- Created by: Michael Apted
- Directed by: Michael Apted
- Country of origin: United States
- No. of episodes: 2

Production
- Producers: Steve Lawrence Dale Riehl
- Running time: 132 minutes (US) / 120 minutes (UK)

Original release
- Network: A&E Hallmark Channel
- Release: June 17, 2002 – May 23, 2007

= Married in America =

Documentary series by Michael Apted

Married in America is a documentary film series that follows the lives of nine American married couples. Directed by British director Michael Apted, it is a similar take on his famed Up series.

==Premise==
Beginning in 2001, interviews were intended to be conducted every five years to gauge the lives of the couples and to evaluate American married life as a whole. Participants were asked about their feelings and perceptions of their marriage and married lives.

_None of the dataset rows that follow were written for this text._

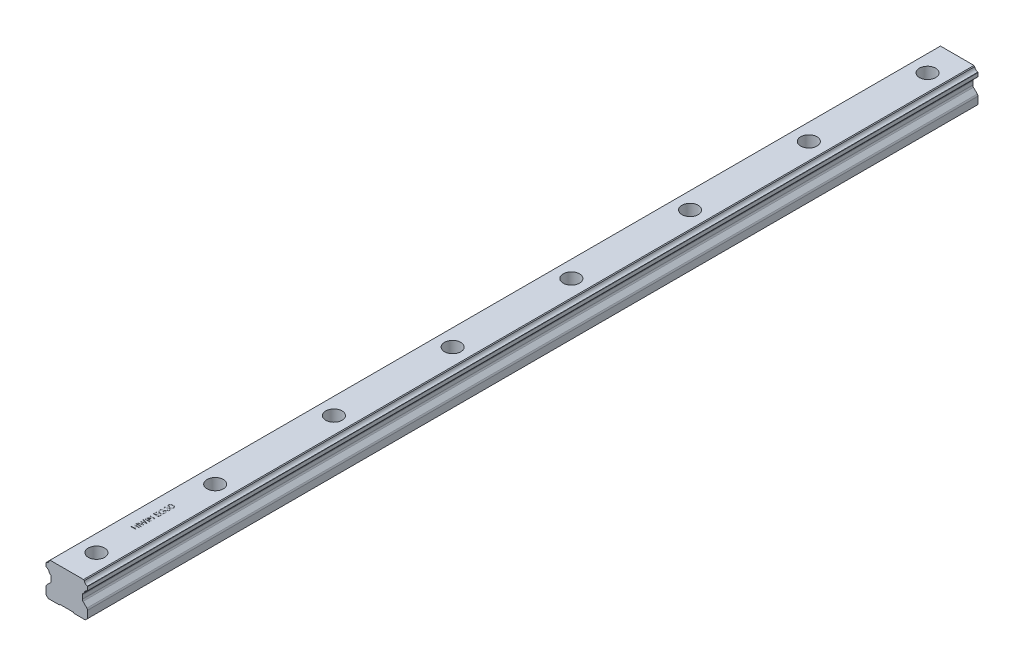
SolidWorks part; units mm, degrees
material "镀铬不锈钢"
ref_plane "前视基准面" through (0, 0, 0) normal (0, 0, 1) x (1, 0, 0)
ref_plane "上视基准面" through (0, 0, 0) normal (0, 1, 0) x (1, 0, 0)
ref_plane "右视基准面" through (0, 0, 0) normal (1, 0, 0) x (0, 0, -1)
sketch "草图1" plane through (0, 0, 0) normal (0, 0, 1) x (1, 0, 0)
  line L22 (-5, 0) -> (5, 0) construction
  line L23 (-5, 0) -> (-4.5, 0.5)
  line L24 (-4.5, 0.5) -> (4.5, 0.5)
  line L25 (5, 0) -> (12.5, 0)
  line L26 (-14, 6.3787) -> (-14, 1.5)
  line L27 (-10.9393, 10.0607) -> (-13.5607, 7.4393)
  line L28 (0, 0) -> (0, 23) construction
  line L29 (-12.5, 0) -> (-5, 0)
  line L30 (-14, 1.5) -> (-12.5, 0)
  line L31 (12.5, 0) -> (14, 1.5)
  line L32 (-10.5, 13.5787) -> (-10.5, 11.1213)
  line L33 (10.9393, 14.6393) -> (11.7582, 15.4582)
  line L34 (11.7582, 22.5418) -> (11.3, 23)
  line L35 (14, 1.5) -> (14, 6.3787)
  line L36 (-14, 20.152) -> (-14, 17.848)
  line L37 (11.3, 23) -> (-11.3, 23)
  line L38 (13.5607, 7.4393) -> (10.9393, 10.0607)
  line L39 (14, 17.848) -> (14, 20.152)
  line L40 (4.5, 0.5) -> (5, 0)
  line L41 (10.5, 11.1213) -> (10.5, 13.5787)
  line L42 (-11.7582, 15.4582) -> (-10.9393, 14.6393)
  line L43 (-11.3, 23) -> (-11.7582, 22.5418)
  arc A18 (-10.9393, 10.0607) -> (-10.5, 11.1213) centre (-12, 11.1213) ccw
  arc A19 (11.7782, 22.5198) -> (11.7582, 22.5418) centre (11.5461, 22.3297) ccw
  arc A20 (11.7582, 15.4582) -> (11.7782, 15.4802) centre (11.5461, 15.6703) ccw
  arc A21 (13.8926, 17.618) -> (11.7782, 15.4802) centre (14.2555, 15.1445) ccw
  arc A22 (-11.7582, 22.5418) -> (-11.7782, 22.5198) centre (-11.5461, 22.3297) ccw
  arc A23 (-14, 17.848) -> (-13.8926, 17.618) centre (-13.7, 17.848) ccw
  arc A24 (13.8926, 17.618) -> (14, 17.848) centre (13.7, 17.848) ccw
  arc A25 (14, 20.152) -> (13.8926, 20.382) centre (13.7, 20.152) ccw
  arc A26 (10.9393, 14.6393) -> (10.5, 13.5787) centre (12, 13.5787) ccw
  arc A27 (-13.8926, 20.382) -> (-14, 20.152) centre (-13.7, 20.152) ccw
  arc A28 (-13.8926, 20.382) -> (-11.7782, 22.5198) centre (-14.2555, 22.8555) ccw
  arc A29 (11.7782, 22.5198) -> (13.8926, 20.382) centre (14.2555, 22.8555) ccw
  arc A30 (-11.7782, 15.4802) -> (-13.8926, 17.618) centre (-14.2555, 15.1445) ccw
  arc A31 (14, 6.3787) -> (13.5607, 7.4393) centre (12.5, 6.3787) ccw
  arc A32 (-11.7782, 15.4802) -> (-11.7582, 15.4582) centre (-11.5461, 15.6703) ccw
  arc A33 (-10.5, 13.5787) -> (-10.9393, 14.6393) centre (-12, 13.5787) ccw
  arc A34 (-13.5607, 7.4393) -> (-14, 6.3787) centre (-12.5, 6.3787) ccw
  arc A35 (10.5, 11.1213) -> (10.9393, 10.0607) centre (12, 11.1213) ccw
extrude "凸台-拉伸1" add sketch "草图1" against normal blind 600
hole_wizard "M6 六角凹头螺钉的柱形沉头孔1" positions "草图3" profile "草图2" counterbore size "M6" standard "ISO" end condition through all
sketch "草图3" plane through (-2.1871, 23, -4.0788) normal (0, 1, 0) x (-1, 0, 0)
  point P0 (-2.1871, -15.9212)
  dimension "D1" = 20
sketch "草图2" plane through (0, 23, -20) normal (1, 0, 0) x (0, 0, 1)
  line L0 (0, 0) -> (0, 23)
  line L1 (0, 23) -> (3.5, 23)
  line L3 (3.5, 23) -> (3.5, 9)
  line L4 (3.5, 9) -> (5.5, 9)
  line L5 (5.5, 9) -> (5.5, 0)
  line L7 (5.5, 0) -> (0, 0)
  line L11 (0, -6.35) -> (0, 107.95) construction
  dimension "通孔孔直径" = 7
  dimension "通孔孔深度" = 23
  dimension "柱形沉头孔直径" = 11
  dimension "柱形沉头孔深度" = 9
pattern_linear "阵列(线性)1" count 8 spacing 80 along (0, 0, -1) of "M6 六角凹头螺钉的柱形沉头孔1"
sketch "草图6" plane through (0, 23, 0) normal (0, 1, 0) x (1, 0, 0)
  line L0 (0, 20) -> (0, 100) construction
  text T0 "HIWIN EG30"
extrude "切除-拉伸1" cut sketch "草图6" against normal blind 0.1
equation "\"D1@凸台-拉伸1\" = 2 * \"D1@草图3\" + \"D3@阵列(线性)1\" *  ( \"D1@阵列(线性)1\"  - 1) "

The collective interviews were intended to provided insight into the state of marriage and how it changed over time, but were limited to just a short five-year period by the series' cancelation after release of the second movie.

==Participants==
Participants were selected to highlight the different social, economic, and cultural factors that can affect marriage.

- Amber and Scott - Scott, a former United States Marine, is married to Amber, a cosmopolitan woman. They currently live in Alabama.
- Betty and Reggie are an interracial couple that have known each other since childhood. They were childhood sweethearts, and were married and now live in Queens, New York.
- David is a widower who found companionship in Brenda after his wife's death. They were married in Mexicali, Mexico, near where Brenda's family lives.
- Chuck and Carol have been married multiple times in their lives. They have children and grandchildren already with other partners.
- Cheryl and Neal are a multicultural couple. Cheryl is Filipino, and Neal is Jewish. Cultural and religious differences between their families have led to tension. They were married in Walt Disney World and currently live in Manhattan.
- Donna and Todd are upwardly-mobile "yuppie" New Yorkers. They were married shortly before the September 11 attacks.
- Nadine and Frank are an African-American couple. Nadine is a pharmacist, while Frank is a steelworker. They got married despite the seven-year age disparity between them.
- Toni and Kelly are a lesbian couple living in central New Jersey. They were initially wed through a civil union in Vermont, later having a non-binding ceremony for family and friends. They have been involved in same-sex activism and gay rights issues.
- Vanessa and Chris were married days after the September 11 attacks. Chris is a New York City police officer, and Vanessa is a housewife.